2026年5月7日、AIモバイルアプリビルダーのRorkが新機能「Rork AI Cloud」を発表した。1つのアプリ内で150以上のAIモデルを使い分けられる仕組みで、動画生成・画像編集・テキストAIなどを用途別に最適なモデルへ切り替えられる。
この記事でわかること:
- Rork AI Cloudで何が変わったか
- どのモデルをどんな用途に使えるか
- Rork Maxとの違い
- 料金プランの概要
これまでのAIアプリビルダーの限界
AIアプリビルダーの多くは、プラットフォーム側が用意した1〜2種類のモデルしか使えなかった。動画生成・画像生成・テキスト処理はそれぞれ得意なモデルが異なるのに、同じ基盤モデルをすべての処理に当てるしかなかった。
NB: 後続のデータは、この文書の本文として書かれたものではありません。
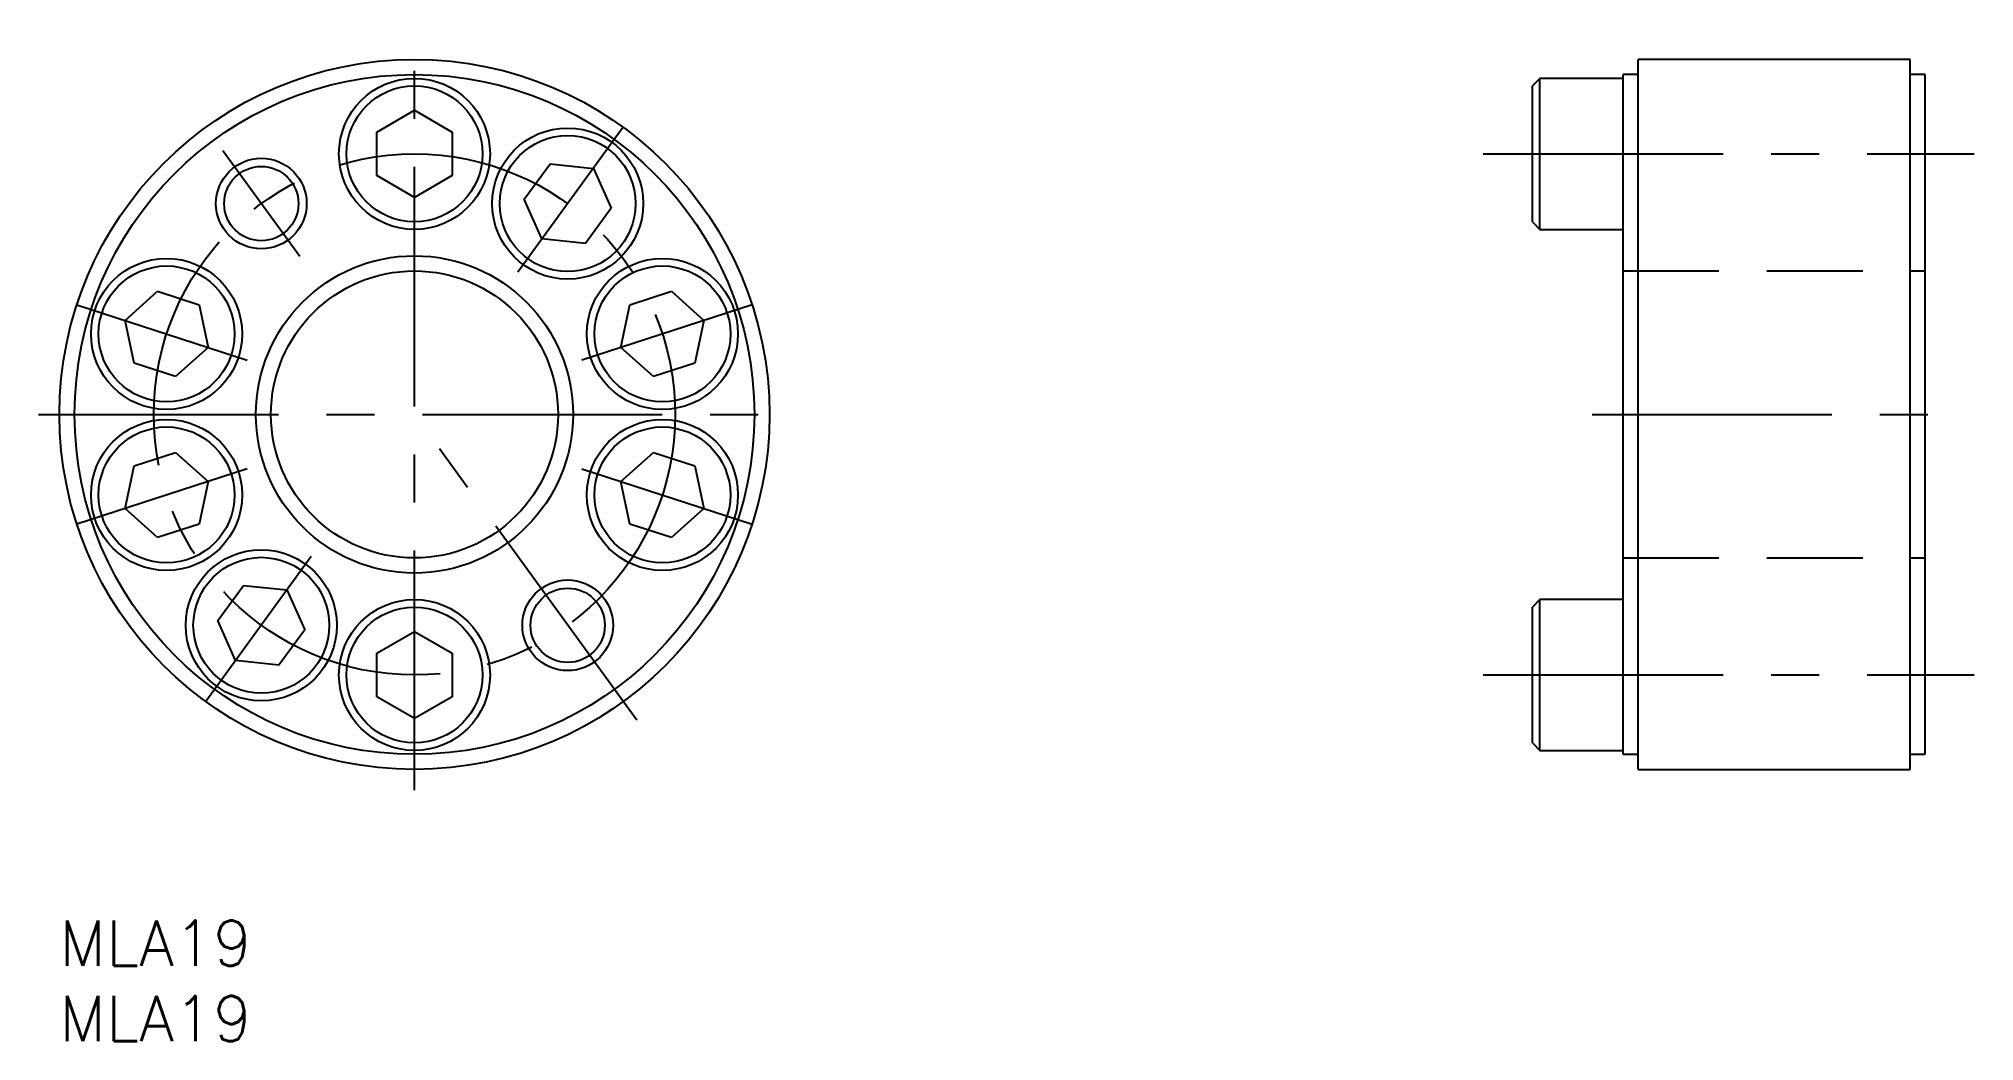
# Model space of a CAD drawing. Extents: x -1 to 127, y -8 to 58.
import ezdxf

# ---------------------------------------------------------------- set-up
doc = ezdxf.new("R2010")
doc.units = 0
doc.header["$LTSCALE"] = 0.5
doc.linetypes.add('CENTER', pattern=[50.8, 31.75, -6.35, 6.35, -6.35])
doc.linetypes.add('DASHED', pattern=[19.05, 12.7, -6.35])
for name, color, linetype in [('MSM_CENTER', 1, 'CENTER'), ('MSM_CONTINUOUS', 7, 'CONTINUOUS'), ('MSM_DASHED', 4, 'DASHED'), ('MSM_NARROW', 5, 'CONTINUOUS'), ('MSM_PART_NUMBER', 7, 'CONTINUOUS')]:
    doc.layers.add(name, color=color, linetype=linetype)
doc.styles.get("Standard").update_dxf_attribs({"font": 'txt.shx', "height": 3, "bigfont": 'bigfont.shx'})

msp = doc.modelspace()

# ---------------------------------------------------------------- linework, layer by layer
at = {"layer": 'MSM_CENTER'}
for p, q in [((23.5, 8.62), (23.5, 58.37)), ((37.31, 52.51), (30.34, 42.91)), ((15.9, 43.95), (10.82, 50.96)), ((94.25, 50.75), (126.75, 50.75)), ((1.15, 40.76), (12.43, 37.1)), ((45.85, 40.76), (34.57, 37.1)), ((-1.38, 33.5), (48.37, 33.5)), ((38.21, 13.25), (23.5, 33.5)), ((101.45, 33.5), (126.75, 33.5)), ((12.43, 29.9), (1.15, 26.24)), ((34.57, 29.9), (45.85, 26.24)), ((16.66, 24.09), (9.69, 14.49)), ((94.25, 16.25), (126.75, 16.25))]:
    msp.add_line(p, q, dxfattribs=at)
msp.add_circle((23.5, 33.5), 17.25, dxfattribs=at)
at = {"layer": 'MSM_CONTINUOUS'}
for p, q in [((122.5, 57), (104.5, 57)), ((104.5, 10), (104.5, 57)), ((122.5, 10), (122.5, 57)), ((98, 55.75), (97.5, 55.25)), ((97.5, 46.25), (97.5, 55.25)), ((103.5, 55.75), (98, 55.75)), ((103.5, 55.75), (98, 55.75)), ((98, 45.75), (98, 55.75)), ((104.5, 56), (103.5, 56)), ((103.5, 11), (103.5, 56)), ((123.5, 56), (122.5, 56)), ((123.5, 11), (123.5, 56)), ((21, 52.19), (23.5, 53.64)), ((23.5, 53.64), (26, 52.19)), ((21, 49.31), (21, 52.19)), ((26, 52.19), (26, 49.31)), ((30.77, 47.76), (32.47, 50.09)), ((32.47, 50.09), (35.34, 49.79)), ((23.5, 47.86), (21, 49.31)), ((26, 49.31), (23.5, 47.86)), ((35.34, 49.79), (36.51, 47.15)), ((31.94, 45.12), (30.77, 47.76)), ((36.51, 47.15), (34.81, 44.82)), ((97.5, 46.25), (98, 45.75)), ((34.81, 44.82), (31.94, 45.12)), ((98, 45.75), (103.5, 45.75)), ((4.35, 39.72), (6.49, 41.65)), ((6.49, 41.65), (9.24, 40.76)), ((37.76, 40.76), (40.51, 41.65)), ((40.51, 41.65), (42.65, 39.72)), ((4.95, 36.9), (4.35, 39.72)), ((9.24, 40.76), (9.84, 37.94)), ((37.16, 37.94), (37.76, 40.76)), ((42.65, 39.72), (42.05, 36.9)), ((9.84, 37.94), (7.69, 36.01)), ((39.31, 36.01), (37.16, 37.94)), ((7.69, 36.01), (4.95, 36.9)), ((42.05, 36.9), (39.31, 36.01)), ((0.09, 35.5), (0.08, 35.5)), ((4.95, 30.1), (7.69, 30.99)), ((7.69, 30.99), (9.84, 29.06)), ((37.16, 29.06), (39.31, 30.99)), ((39.31, 30.99), (42.05, 30.1)), ((4.35, 27.28), (4.95, 30.1)), ((42.05, 30.1), (42.65, 27.28)), ((9.84, 29.06), (9.24, 26.24)), ((37.76, 26.24), (37.16, 29.06)), ((6.49, 25.35), (4.35, 27.28)), ((42.65, 27.28), (40.51, 25.35)), ((9.24, 26.24), (6.49, 25.35)), ((40.51, 25.35), (37.76, 26.24)), ((10.49, 19.85), (12.19, 22.18)), ((12.19, 22.18), (15.06, 21.88)), ((15.06, 21.88), (16.23, 19.24)), ((98, 21.25), (97.5, 20.75)), ((97.5, 11.75), (97.5, 20.75)), ((103.5, 21.25), (98, 21.25)), ((98, 11.25), (98, 21.25)), ((11.66, 17.21), (10.49, 19.85)), ((16.23, 19.24), (14.53, 16.91)), ((21, 17.69), (23.5, 19.14)), ((23.5, 19.14), (26, 17.69)), ((14.53, 16.91), (11.66, 17.21)), ((21, 14.81), (21, 17.69)), ((26, 17.69), (26, 14.81)), ((23.5, 13.36), (21, 14.81)), ((26, 14.81), (23.5, 13.36)), ((97.5, 11.75), (98, 11.25)), ((98, 11.25), (103.5, 11.25)), ((103.5, 11), (104.5, 11)), ((122.5, 11), (123.5, 11)), ((104.5, 10), (122.5, 10))]:
    msp.add_line(p, q, dxfattribs=at)
for centre, radius in [((23.5, 33.5), 23.5), ((23.5, 33.5), 22.5), ((23.5, 50.75), 5), ((23.5, 50.75), 4.5), ((33.64, 47.46), 5), ((33.64, 47.46), 4.5), ((13.36, 47.46), 2.46), ((7.09, 38.83), 5), ((23.5, 33.5), 10.5), ((39.91, 38.83), 5), ((7.09, 38.83), 4.5), ((23.5, 33.5), 9.5), ((39.91, 38.83), 4.5), ((7.09, 28.17), 5), ((7.09, 28.17), 4.5), ((39.91, 28.17), 5), ((39.91, 28.17), 4.5), ((13.36, 19.54), 5), ((13.36, 19.54), 4.5), ((33.64, 19.54), 2.46), ((23.5, 16.25), 5), ((23.5, 16.25), 4.5)]:
    msp.add_circle(centre, radius, dxfattribs=at)
at = {"layer": 'MSM_DASHED'}
for p, q in [((103.5, 43), (123.5, 43)), ((103.5, 24), (123.5, 24))]:
    msp.add_line(p, q, dxfattribs=at)
at = {"layer": 'MSM_NARROW'}
for centre in [(13.36, 47.46), (33.64, 19.54)]:
    msp.add_circle(centre, 3, dxfattribs=at)

# ---------------------------------------------------------------- texts
at = {"layer": 'MSM_PART_NUMBER'}
for p in [(0, -3), (0, -8)]:
    msp.add_text('MLA19', height=3, dxfattribs=at).set_placement(p)

doc.saveas('drawing.dxf')
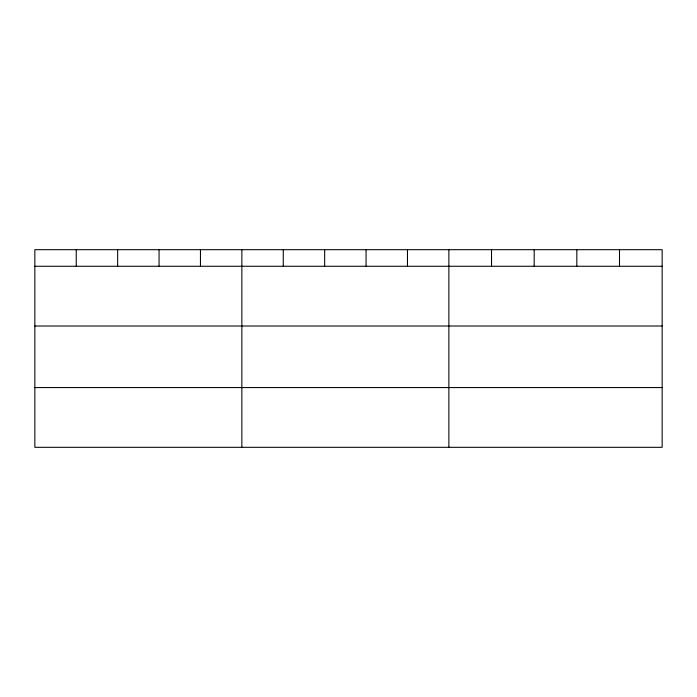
<?xml version="1.0" encoding="UTF-8"?>
<svg xmlns="http://www.w3.org/2000/svg" width="697" height="697" viewBox="0 0 697 697"><rect width="100%" height="100%" fill="white"/><g stroke="black" fill="none" stroke-linecap="round" stroke-linejoin="round"><path stroke-width="1.05" d="M662.15 326.013L662.15 249.683L34.85 249.683L34.85 447.317L662.15 447.317L662.15 326.013L34.85 326.013M34.85 266.263L662.15 266.263M34.85 387.567L662.15 387.567M619.494 249.683L619.494 266.263M576.837 249.683L576.837 266.263M534.181 249.683L534.181 266.263M491.524 249.683L491.524 266.263M448.868 249.683L448.868 447.317M407.466 249.683L407.466 266.263M366.064 249.683L366.064 266.263M324.663 249.683L324.663 266.263M283.261 249.683L283.261 266.263M241.859 249.683L241.859 447.317M200.457 249.683L200.457 266.263M159.055 249.683L159.055 266.263M117.654 249.683L117.654 266.263M76.252 249.683L76.252 266.263"/></g></svg>

結果として、「写真加工は得意だが動画生成は苦手」「テキスト処理は強いが画像は弱い」といったアプリが量産されていた。開発者がモデルを自由に組み合わせたくても、ビルダー側の制約に縛られていた。
Rork AI Cloudが変えること
Rork AI Cloudは、アプリの機能ごとに別モデルを割り当てる「モデルルーティング」を実現する。公式の発表では次のような使い方が例示されている。
- 動画制作アプリ → Kling 3.0
- 写真スタジオアプリ → GPT-Image 2
- AIチューターアプリ → GPT-5.5
- 音声アシスタント → (対応モデルを選択)
1つのプロンプトでほぼどんなAIアプリも生成できる「ワンショット生成」に加え、アプリ内の機能ごとに最適なモデルを組み合わせることが可能になった。Higgsfield(動画生成AI)も対応モデルとして名が挙がっており、映像系アプリの品質向上が見込まれる。
Rork Maxとの違い
従来のRork Maxは、Claude CodeとClaude Opus 4.6を核にSwiftネイティブアプリを生成するプランだった。Mac不要でXcodeを使わずに、iPhone・iPad・Apple Watch・Apple TV・Vision Proなど全Appleプラットフォーム向けアプリをビルドできる点が特長だ。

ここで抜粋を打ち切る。